(Collected data)
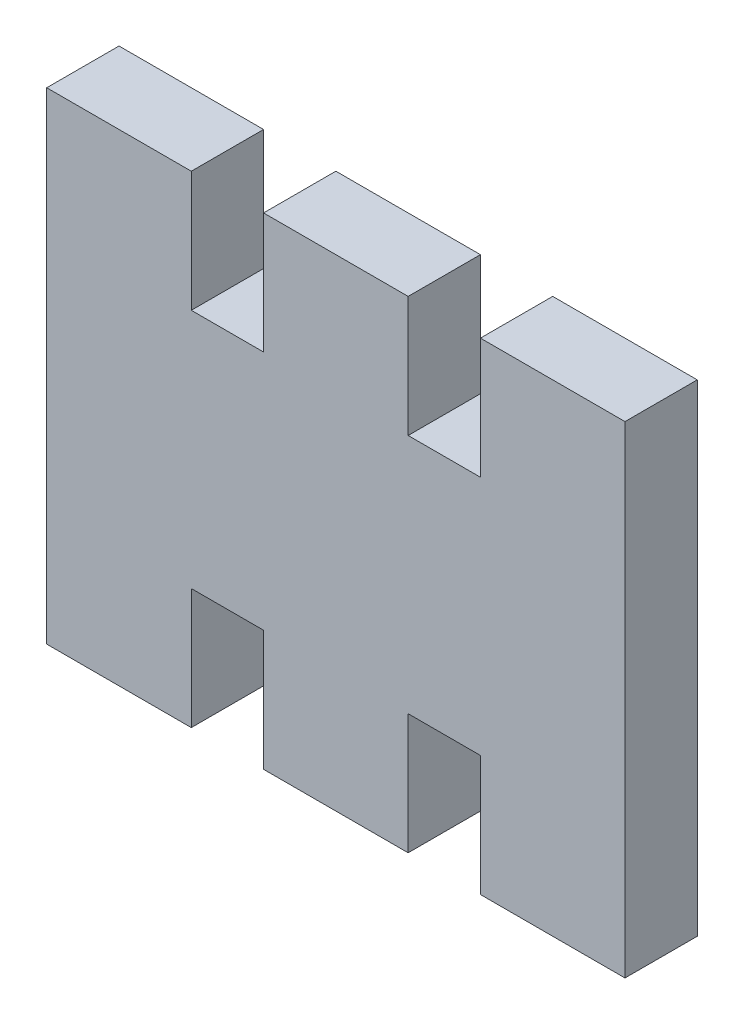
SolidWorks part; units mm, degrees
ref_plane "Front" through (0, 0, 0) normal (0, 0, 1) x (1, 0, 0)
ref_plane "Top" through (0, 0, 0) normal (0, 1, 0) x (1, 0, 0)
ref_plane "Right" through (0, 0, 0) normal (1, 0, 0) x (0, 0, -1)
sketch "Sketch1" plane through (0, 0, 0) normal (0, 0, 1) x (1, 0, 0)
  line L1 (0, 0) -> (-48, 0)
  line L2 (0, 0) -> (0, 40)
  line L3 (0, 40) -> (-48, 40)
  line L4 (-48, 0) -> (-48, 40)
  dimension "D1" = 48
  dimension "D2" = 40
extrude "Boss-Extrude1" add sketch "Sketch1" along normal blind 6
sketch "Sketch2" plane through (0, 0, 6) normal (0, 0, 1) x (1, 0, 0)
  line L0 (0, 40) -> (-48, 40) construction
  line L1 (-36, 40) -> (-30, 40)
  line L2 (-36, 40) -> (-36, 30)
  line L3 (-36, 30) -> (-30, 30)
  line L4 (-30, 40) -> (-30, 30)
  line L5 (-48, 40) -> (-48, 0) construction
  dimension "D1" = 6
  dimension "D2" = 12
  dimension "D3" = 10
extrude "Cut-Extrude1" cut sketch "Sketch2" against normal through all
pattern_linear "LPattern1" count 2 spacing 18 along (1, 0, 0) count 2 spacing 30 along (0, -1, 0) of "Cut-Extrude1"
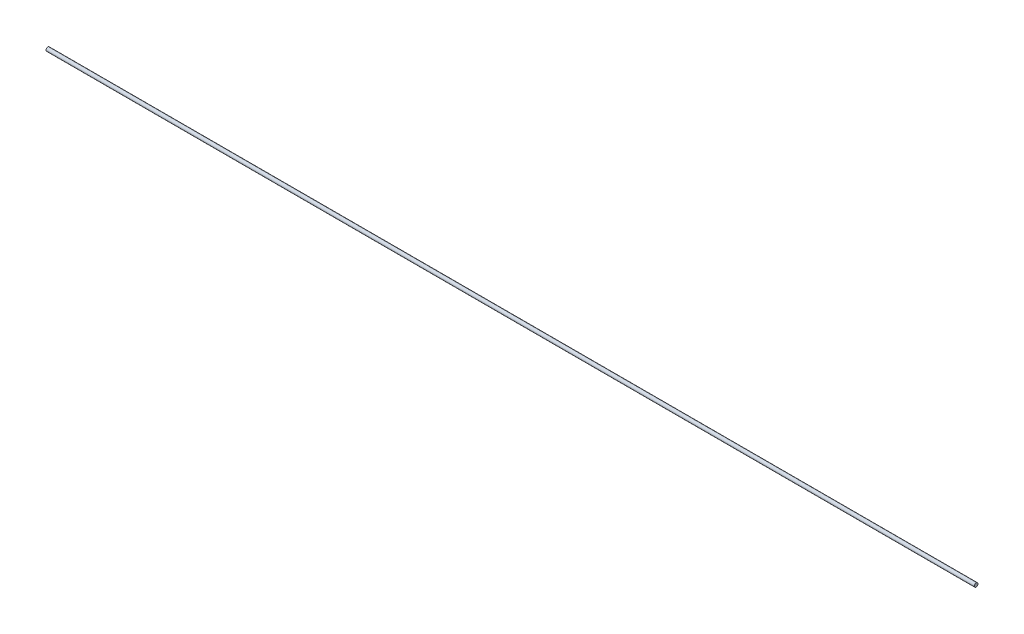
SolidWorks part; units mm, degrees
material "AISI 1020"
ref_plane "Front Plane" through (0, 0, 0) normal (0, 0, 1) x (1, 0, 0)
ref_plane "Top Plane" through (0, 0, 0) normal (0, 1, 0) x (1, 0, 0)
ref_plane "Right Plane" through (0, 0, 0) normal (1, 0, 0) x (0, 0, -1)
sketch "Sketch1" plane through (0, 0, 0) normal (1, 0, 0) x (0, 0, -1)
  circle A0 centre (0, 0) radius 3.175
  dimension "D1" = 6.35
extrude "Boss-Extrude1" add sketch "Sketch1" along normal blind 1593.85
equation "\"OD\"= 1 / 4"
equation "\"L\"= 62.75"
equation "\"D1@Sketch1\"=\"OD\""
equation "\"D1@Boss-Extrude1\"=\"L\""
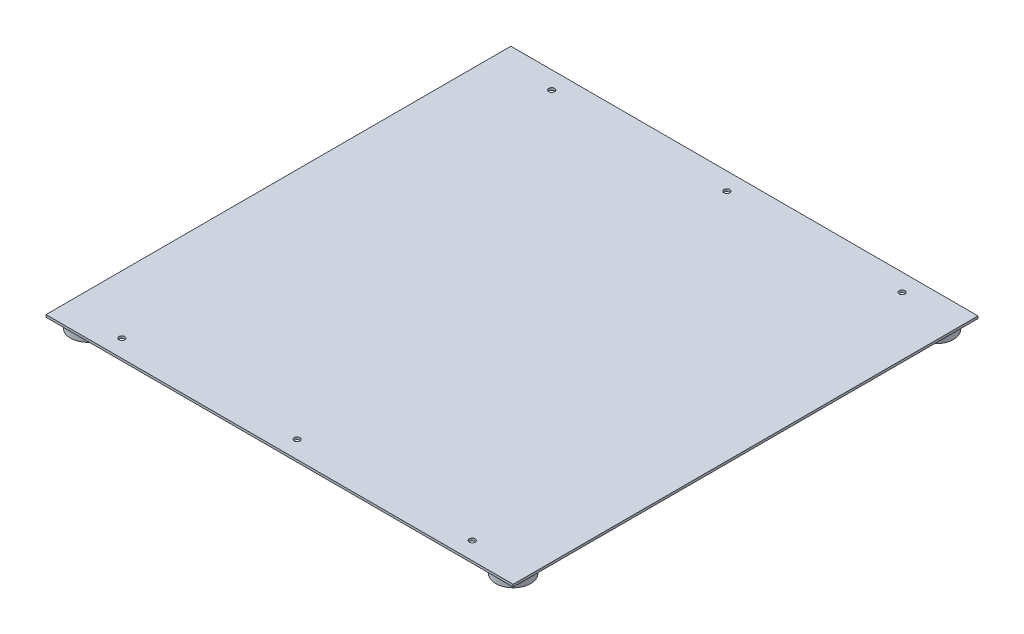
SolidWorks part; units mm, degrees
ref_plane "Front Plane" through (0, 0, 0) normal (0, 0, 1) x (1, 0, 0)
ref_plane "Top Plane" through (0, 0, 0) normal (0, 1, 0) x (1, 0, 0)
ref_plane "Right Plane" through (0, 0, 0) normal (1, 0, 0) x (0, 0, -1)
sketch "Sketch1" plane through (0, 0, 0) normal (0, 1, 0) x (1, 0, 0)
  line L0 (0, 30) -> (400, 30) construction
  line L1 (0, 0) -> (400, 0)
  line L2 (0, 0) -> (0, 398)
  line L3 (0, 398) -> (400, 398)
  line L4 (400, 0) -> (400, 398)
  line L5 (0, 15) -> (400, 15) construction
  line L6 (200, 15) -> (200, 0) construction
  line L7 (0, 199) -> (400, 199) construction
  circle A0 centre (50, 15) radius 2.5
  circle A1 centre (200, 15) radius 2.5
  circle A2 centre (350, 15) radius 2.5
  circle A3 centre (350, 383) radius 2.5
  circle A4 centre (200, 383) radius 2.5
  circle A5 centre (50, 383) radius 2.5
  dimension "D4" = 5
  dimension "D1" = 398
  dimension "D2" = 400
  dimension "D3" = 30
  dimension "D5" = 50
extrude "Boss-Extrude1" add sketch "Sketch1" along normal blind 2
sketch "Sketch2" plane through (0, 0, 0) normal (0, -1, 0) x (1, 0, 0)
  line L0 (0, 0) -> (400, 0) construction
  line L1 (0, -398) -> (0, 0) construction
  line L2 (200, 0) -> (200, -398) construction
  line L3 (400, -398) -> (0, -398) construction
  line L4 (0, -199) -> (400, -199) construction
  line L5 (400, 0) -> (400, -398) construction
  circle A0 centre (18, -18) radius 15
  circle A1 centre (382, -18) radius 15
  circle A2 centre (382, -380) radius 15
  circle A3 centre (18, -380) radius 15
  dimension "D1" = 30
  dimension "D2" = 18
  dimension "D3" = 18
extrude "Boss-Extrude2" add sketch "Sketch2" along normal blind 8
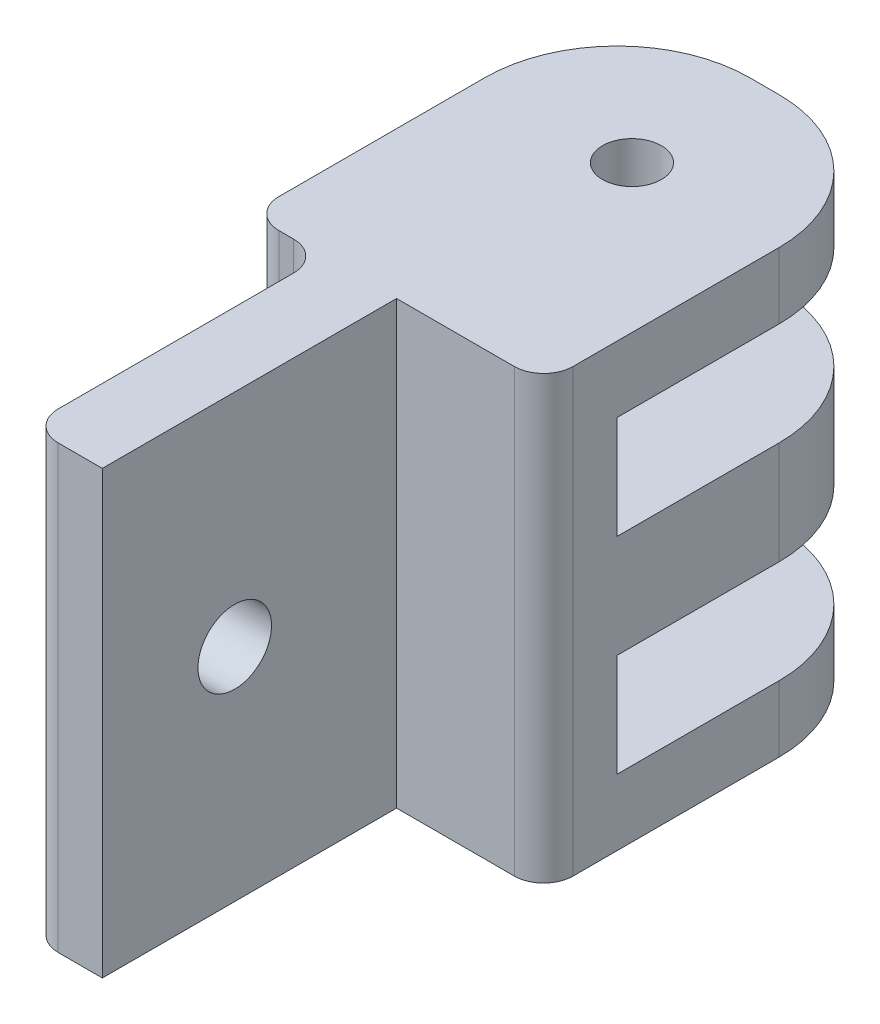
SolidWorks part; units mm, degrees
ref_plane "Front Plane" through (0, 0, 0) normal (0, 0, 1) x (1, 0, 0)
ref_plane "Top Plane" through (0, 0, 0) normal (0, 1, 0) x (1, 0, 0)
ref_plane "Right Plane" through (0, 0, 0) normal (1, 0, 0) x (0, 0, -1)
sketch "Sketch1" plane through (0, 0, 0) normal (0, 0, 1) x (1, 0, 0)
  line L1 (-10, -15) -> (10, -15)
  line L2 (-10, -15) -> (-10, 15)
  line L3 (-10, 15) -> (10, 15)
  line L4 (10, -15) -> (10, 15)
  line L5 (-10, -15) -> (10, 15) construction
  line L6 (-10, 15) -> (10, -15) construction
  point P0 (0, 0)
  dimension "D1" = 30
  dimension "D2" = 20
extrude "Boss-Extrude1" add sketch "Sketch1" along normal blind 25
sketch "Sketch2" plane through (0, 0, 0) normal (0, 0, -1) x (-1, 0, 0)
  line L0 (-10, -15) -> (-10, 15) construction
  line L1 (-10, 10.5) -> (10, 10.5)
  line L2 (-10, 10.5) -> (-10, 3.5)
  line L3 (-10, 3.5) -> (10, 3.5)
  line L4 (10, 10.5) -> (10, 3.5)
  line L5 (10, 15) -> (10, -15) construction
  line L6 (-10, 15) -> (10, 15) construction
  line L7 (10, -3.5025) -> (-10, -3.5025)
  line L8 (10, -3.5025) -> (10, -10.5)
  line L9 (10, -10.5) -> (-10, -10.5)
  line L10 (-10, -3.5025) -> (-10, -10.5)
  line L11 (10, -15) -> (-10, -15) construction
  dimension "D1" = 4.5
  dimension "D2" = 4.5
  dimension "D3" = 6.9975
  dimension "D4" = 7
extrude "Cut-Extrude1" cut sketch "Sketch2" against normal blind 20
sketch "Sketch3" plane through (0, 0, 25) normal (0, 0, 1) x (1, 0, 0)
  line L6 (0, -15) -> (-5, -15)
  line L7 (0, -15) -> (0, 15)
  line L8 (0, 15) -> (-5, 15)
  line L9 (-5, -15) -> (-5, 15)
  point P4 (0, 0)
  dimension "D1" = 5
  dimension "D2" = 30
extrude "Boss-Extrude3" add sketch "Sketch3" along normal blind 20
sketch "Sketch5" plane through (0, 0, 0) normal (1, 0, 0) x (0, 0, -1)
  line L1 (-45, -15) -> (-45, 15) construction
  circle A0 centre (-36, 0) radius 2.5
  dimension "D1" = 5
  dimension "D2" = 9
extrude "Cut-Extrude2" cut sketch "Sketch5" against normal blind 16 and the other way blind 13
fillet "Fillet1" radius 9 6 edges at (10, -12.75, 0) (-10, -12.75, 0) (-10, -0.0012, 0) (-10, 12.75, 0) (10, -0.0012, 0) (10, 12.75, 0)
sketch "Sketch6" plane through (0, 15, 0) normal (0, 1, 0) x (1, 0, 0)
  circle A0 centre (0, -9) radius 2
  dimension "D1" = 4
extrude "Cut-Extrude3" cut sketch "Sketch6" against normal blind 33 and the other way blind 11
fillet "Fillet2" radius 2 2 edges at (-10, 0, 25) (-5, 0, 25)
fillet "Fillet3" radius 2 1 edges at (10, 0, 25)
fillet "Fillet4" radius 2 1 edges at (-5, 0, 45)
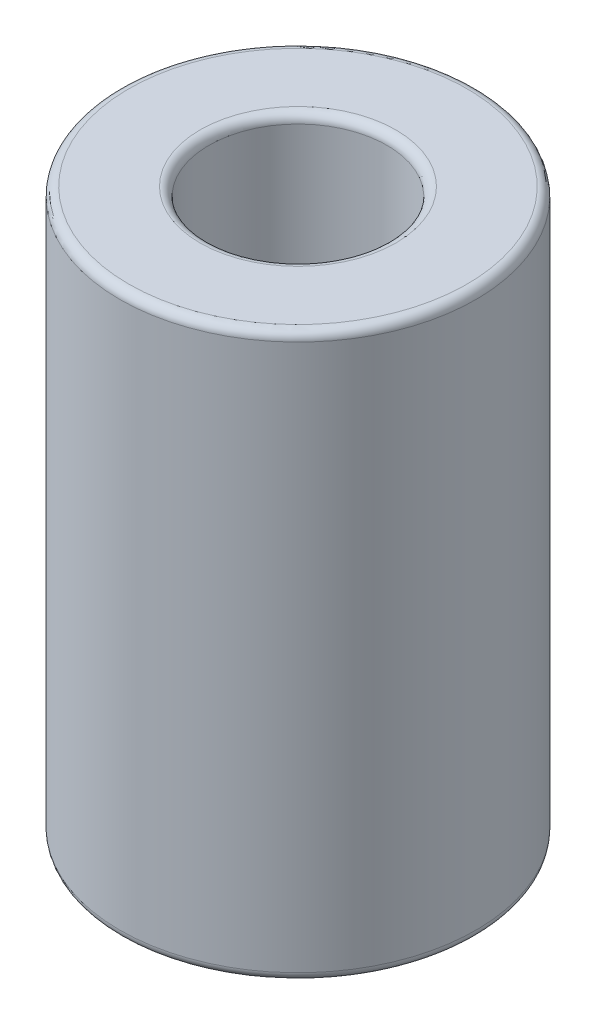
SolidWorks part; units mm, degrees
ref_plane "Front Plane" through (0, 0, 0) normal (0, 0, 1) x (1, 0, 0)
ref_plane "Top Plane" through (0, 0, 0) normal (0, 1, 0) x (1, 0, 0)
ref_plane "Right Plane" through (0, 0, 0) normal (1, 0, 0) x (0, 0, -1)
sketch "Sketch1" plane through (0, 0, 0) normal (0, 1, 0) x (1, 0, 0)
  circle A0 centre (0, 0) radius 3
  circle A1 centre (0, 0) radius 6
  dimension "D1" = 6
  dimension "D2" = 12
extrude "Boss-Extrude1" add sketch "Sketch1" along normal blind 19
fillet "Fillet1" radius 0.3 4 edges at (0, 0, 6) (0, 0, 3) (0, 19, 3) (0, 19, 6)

What needs to be done: Which lines above hold the string "other"? Copy every one of them.

Solution for this exercise:
extrude "Cut-Extrude2" cut sketch "Sketch5" against normal blind 16 and the other way blind 13
extrude "Cut-Extrude3" cut sketch "Sketch6" against normal blind 33 and the other way blind 11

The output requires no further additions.